● What you have to do
In the entries that follow, which lines hold the string "profile"? List them.

───── Given data ─────

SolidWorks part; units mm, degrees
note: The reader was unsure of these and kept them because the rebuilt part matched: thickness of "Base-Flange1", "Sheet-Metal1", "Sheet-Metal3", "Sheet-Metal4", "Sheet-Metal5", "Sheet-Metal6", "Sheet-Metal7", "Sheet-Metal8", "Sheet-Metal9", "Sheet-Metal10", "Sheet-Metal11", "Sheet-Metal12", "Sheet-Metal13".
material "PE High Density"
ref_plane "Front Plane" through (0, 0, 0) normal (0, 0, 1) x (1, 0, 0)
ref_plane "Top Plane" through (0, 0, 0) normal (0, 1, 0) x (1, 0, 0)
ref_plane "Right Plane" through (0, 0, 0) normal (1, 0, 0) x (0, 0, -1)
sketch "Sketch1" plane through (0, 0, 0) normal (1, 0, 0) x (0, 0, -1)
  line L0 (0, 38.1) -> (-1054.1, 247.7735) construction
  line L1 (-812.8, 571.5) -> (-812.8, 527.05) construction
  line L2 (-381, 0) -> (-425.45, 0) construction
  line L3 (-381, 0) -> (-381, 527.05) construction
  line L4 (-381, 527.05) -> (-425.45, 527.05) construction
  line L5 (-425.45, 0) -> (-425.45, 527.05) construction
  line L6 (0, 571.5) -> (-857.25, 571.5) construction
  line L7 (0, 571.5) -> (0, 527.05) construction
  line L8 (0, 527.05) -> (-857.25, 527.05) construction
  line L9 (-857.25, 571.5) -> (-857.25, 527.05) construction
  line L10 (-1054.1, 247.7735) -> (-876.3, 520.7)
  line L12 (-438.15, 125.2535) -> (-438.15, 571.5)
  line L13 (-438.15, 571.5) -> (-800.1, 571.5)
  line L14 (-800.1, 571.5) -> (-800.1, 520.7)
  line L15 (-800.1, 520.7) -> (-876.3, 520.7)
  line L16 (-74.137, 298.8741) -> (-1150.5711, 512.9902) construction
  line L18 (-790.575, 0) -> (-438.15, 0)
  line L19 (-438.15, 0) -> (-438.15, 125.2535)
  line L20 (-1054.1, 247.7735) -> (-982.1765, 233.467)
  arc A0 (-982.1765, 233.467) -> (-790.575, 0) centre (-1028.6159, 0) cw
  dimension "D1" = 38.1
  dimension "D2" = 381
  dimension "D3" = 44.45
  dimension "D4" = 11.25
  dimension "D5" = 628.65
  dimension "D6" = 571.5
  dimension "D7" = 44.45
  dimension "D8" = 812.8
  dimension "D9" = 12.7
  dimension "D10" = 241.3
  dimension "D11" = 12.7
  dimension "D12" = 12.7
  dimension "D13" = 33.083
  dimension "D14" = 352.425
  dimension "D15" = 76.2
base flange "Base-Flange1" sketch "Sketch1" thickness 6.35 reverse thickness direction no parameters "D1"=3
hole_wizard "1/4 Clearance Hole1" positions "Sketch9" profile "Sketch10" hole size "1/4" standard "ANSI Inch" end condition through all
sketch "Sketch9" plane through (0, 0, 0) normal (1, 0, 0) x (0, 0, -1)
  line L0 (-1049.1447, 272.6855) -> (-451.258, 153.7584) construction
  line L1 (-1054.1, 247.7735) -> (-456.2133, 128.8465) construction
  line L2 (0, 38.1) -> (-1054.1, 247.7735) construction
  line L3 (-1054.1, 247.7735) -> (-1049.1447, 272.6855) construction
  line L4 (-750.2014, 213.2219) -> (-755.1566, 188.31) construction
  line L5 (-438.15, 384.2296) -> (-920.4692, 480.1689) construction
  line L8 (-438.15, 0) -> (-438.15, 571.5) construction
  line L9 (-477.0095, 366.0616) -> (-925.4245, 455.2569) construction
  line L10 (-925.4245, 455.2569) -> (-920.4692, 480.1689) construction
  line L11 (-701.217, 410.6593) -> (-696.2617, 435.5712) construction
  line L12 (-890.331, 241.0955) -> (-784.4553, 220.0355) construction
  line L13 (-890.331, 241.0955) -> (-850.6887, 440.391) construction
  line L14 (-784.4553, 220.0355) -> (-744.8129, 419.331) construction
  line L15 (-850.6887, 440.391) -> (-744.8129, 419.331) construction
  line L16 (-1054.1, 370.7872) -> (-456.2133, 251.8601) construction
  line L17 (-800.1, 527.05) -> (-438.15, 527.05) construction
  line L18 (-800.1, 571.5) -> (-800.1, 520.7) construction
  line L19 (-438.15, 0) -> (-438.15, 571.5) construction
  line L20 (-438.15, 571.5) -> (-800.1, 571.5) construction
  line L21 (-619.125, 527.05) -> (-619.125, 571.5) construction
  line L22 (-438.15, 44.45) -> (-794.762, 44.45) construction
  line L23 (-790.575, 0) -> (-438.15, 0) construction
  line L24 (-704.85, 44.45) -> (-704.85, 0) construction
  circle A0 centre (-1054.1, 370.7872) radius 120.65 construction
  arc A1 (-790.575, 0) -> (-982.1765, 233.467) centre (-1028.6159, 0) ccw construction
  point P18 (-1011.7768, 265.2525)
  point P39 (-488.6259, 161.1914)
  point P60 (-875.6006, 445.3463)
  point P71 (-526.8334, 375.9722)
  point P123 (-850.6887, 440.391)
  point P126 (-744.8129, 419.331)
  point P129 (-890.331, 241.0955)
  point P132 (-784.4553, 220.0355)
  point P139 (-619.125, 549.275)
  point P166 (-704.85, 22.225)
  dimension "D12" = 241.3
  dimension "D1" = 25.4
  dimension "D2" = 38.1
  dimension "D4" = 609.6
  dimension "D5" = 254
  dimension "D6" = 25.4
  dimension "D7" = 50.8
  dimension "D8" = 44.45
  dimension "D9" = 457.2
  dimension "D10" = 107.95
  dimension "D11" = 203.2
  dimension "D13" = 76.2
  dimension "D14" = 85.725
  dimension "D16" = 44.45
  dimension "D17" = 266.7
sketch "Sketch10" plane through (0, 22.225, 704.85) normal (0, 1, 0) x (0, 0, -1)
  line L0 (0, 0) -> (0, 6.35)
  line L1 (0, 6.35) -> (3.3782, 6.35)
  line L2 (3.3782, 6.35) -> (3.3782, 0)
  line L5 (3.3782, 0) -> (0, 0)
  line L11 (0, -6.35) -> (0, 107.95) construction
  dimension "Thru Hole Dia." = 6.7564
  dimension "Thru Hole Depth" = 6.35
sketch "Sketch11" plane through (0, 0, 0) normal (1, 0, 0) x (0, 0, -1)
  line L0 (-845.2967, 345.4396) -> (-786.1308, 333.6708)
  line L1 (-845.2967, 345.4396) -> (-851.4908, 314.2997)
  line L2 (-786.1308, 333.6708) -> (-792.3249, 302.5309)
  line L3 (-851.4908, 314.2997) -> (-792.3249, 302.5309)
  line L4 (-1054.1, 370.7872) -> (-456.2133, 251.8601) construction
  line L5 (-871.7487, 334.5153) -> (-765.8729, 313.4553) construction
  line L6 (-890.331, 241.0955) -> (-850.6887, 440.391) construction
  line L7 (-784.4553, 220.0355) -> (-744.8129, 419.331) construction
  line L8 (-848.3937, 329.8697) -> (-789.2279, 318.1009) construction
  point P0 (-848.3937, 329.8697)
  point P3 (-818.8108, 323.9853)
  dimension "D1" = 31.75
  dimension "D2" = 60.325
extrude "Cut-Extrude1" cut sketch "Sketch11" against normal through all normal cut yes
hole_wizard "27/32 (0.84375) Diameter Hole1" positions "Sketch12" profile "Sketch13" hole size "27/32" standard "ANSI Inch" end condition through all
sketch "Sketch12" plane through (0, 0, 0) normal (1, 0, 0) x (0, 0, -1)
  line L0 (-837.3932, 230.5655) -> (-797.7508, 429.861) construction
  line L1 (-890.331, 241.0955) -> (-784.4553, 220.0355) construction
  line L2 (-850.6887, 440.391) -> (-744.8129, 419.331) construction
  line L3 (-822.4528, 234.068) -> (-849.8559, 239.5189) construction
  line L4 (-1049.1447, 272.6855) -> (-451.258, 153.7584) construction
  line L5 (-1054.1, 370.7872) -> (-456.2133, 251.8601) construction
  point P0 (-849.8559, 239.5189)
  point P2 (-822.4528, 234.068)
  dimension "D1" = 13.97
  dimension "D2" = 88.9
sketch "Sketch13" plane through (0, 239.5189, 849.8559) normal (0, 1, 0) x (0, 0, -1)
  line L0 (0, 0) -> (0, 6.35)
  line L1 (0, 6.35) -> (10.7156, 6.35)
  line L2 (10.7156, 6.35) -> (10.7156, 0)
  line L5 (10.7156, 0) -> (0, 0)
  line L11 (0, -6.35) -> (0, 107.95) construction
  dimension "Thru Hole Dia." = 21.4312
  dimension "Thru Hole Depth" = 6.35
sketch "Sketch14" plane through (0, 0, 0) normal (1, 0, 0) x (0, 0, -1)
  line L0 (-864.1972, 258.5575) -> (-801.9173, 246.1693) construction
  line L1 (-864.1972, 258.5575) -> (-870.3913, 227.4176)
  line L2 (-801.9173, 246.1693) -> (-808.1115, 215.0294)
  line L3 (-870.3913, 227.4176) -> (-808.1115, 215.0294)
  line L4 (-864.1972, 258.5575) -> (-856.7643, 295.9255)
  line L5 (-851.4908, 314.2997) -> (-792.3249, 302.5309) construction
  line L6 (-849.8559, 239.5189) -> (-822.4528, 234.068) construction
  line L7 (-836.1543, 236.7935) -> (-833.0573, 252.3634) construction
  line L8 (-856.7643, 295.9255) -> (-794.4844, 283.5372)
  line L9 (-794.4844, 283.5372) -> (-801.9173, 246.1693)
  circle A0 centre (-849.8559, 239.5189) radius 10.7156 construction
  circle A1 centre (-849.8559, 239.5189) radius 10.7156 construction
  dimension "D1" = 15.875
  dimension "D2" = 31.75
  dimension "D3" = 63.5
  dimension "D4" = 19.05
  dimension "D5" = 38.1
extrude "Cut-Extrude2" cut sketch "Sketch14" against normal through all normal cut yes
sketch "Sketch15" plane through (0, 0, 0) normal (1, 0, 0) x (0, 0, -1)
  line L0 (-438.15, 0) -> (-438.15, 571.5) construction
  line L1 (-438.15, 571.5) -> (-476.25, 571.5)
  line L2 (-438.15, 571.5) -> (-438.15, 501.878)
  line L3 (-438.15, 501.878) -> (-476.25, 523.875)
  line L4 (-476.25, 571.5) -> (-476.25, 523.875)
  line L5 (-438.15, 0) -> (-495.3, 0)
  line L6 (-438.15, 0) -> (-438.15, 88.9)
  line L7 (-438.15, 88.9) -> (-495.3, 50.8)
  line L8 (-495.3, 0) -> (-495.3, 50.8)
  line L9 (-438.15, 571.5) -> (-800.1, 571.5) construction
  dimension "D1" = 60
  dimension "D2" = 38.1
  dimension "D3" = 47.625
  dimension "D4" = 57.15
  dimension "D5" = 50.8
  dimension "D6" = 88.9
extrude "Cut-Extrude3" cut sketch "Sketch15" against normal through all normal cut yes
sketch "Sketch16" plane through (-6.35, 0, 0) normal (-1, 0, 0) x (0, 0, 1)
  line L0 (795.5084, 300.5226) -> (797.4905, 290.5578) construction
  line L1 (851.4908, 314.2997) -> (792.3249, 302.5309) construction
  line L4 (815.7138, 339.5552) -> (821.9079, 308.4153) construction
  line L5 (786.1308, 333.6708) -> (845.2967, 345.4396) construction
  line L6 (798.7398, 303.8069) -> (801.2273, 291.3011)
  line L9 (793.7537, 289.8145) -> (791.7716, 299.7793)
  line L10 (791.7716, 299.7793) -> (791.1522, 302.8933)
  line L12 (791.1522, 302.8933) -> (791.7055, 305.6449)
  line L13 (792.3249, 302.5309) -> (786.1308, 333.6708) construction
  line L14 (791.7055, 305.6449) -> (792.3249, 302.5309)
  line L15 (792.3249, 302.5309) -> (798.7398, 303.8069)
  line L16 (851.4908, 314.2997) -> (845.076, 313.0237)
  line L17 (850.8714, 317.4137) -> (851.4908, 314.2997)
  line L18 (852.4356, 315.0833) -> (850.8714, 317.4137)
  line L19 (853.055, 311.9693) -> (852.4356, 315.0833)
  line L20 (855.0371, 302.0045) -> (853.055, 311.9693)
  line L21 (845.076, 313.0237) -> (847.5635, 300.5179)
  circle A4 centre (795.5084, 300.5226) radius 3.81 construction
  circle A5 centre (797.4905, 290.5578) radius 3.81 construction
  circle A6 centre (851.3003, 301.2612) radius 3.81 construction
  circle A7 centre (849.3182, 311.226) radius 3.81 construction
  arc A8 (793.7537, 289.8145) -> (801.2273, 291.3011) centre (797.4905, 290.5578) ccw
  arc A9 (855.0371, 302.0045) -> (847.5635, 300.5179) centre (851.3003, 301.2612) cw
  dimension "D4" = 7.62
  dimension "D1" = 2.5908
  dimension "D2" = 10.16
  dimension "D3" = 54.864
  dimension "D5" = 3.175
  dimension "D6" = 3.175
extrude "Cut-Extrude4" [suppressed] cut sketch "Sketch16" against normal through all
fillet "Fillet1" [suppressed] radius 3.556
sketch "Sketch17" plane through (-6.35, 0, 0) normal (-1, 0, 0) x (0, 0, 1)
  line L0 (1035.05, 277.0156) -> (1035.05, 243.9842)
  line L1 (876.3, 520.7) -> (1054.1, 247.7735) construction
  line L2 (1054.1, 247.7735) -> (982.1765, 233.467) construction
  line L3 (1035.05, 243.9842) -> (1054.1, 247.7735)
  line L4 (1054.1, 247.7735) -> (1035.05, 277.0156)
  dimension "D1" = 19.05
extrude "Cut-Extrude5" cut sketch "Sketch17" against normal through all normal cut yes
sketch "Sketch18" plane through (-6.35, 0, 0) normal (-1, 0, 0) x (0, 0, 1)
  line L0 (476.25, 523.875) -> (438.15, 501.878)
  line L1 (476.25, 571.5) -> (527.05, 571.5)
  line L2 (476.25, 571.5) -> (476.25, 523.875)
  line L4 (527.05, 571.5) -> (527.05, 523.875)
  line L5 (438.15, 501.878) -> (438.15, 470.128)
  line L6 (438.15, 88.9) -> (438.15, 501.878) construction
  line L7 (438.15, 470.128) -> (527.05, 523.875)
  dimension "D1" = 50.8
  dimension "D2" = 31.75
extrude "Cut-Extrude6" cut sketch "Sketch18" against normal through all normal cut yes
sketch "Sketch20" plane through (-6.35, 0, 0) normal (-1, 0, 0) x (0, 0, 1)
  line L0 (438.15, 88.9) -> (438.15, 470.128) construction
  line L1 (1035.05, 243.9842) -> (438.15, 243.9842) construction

─────

● Reply
hole_wizard "1/4 Clearance Hole1" positions "Sketch9" profile "Sketch10" hole size "1/4" standard "ANSI Inch" end condition through all
hole_wizard "27/32 (0.84375) Diameter Hole1" positions "Sketch12" profile "Sketch13" hole size "27/32" standard "ANSI Inch" end condition through all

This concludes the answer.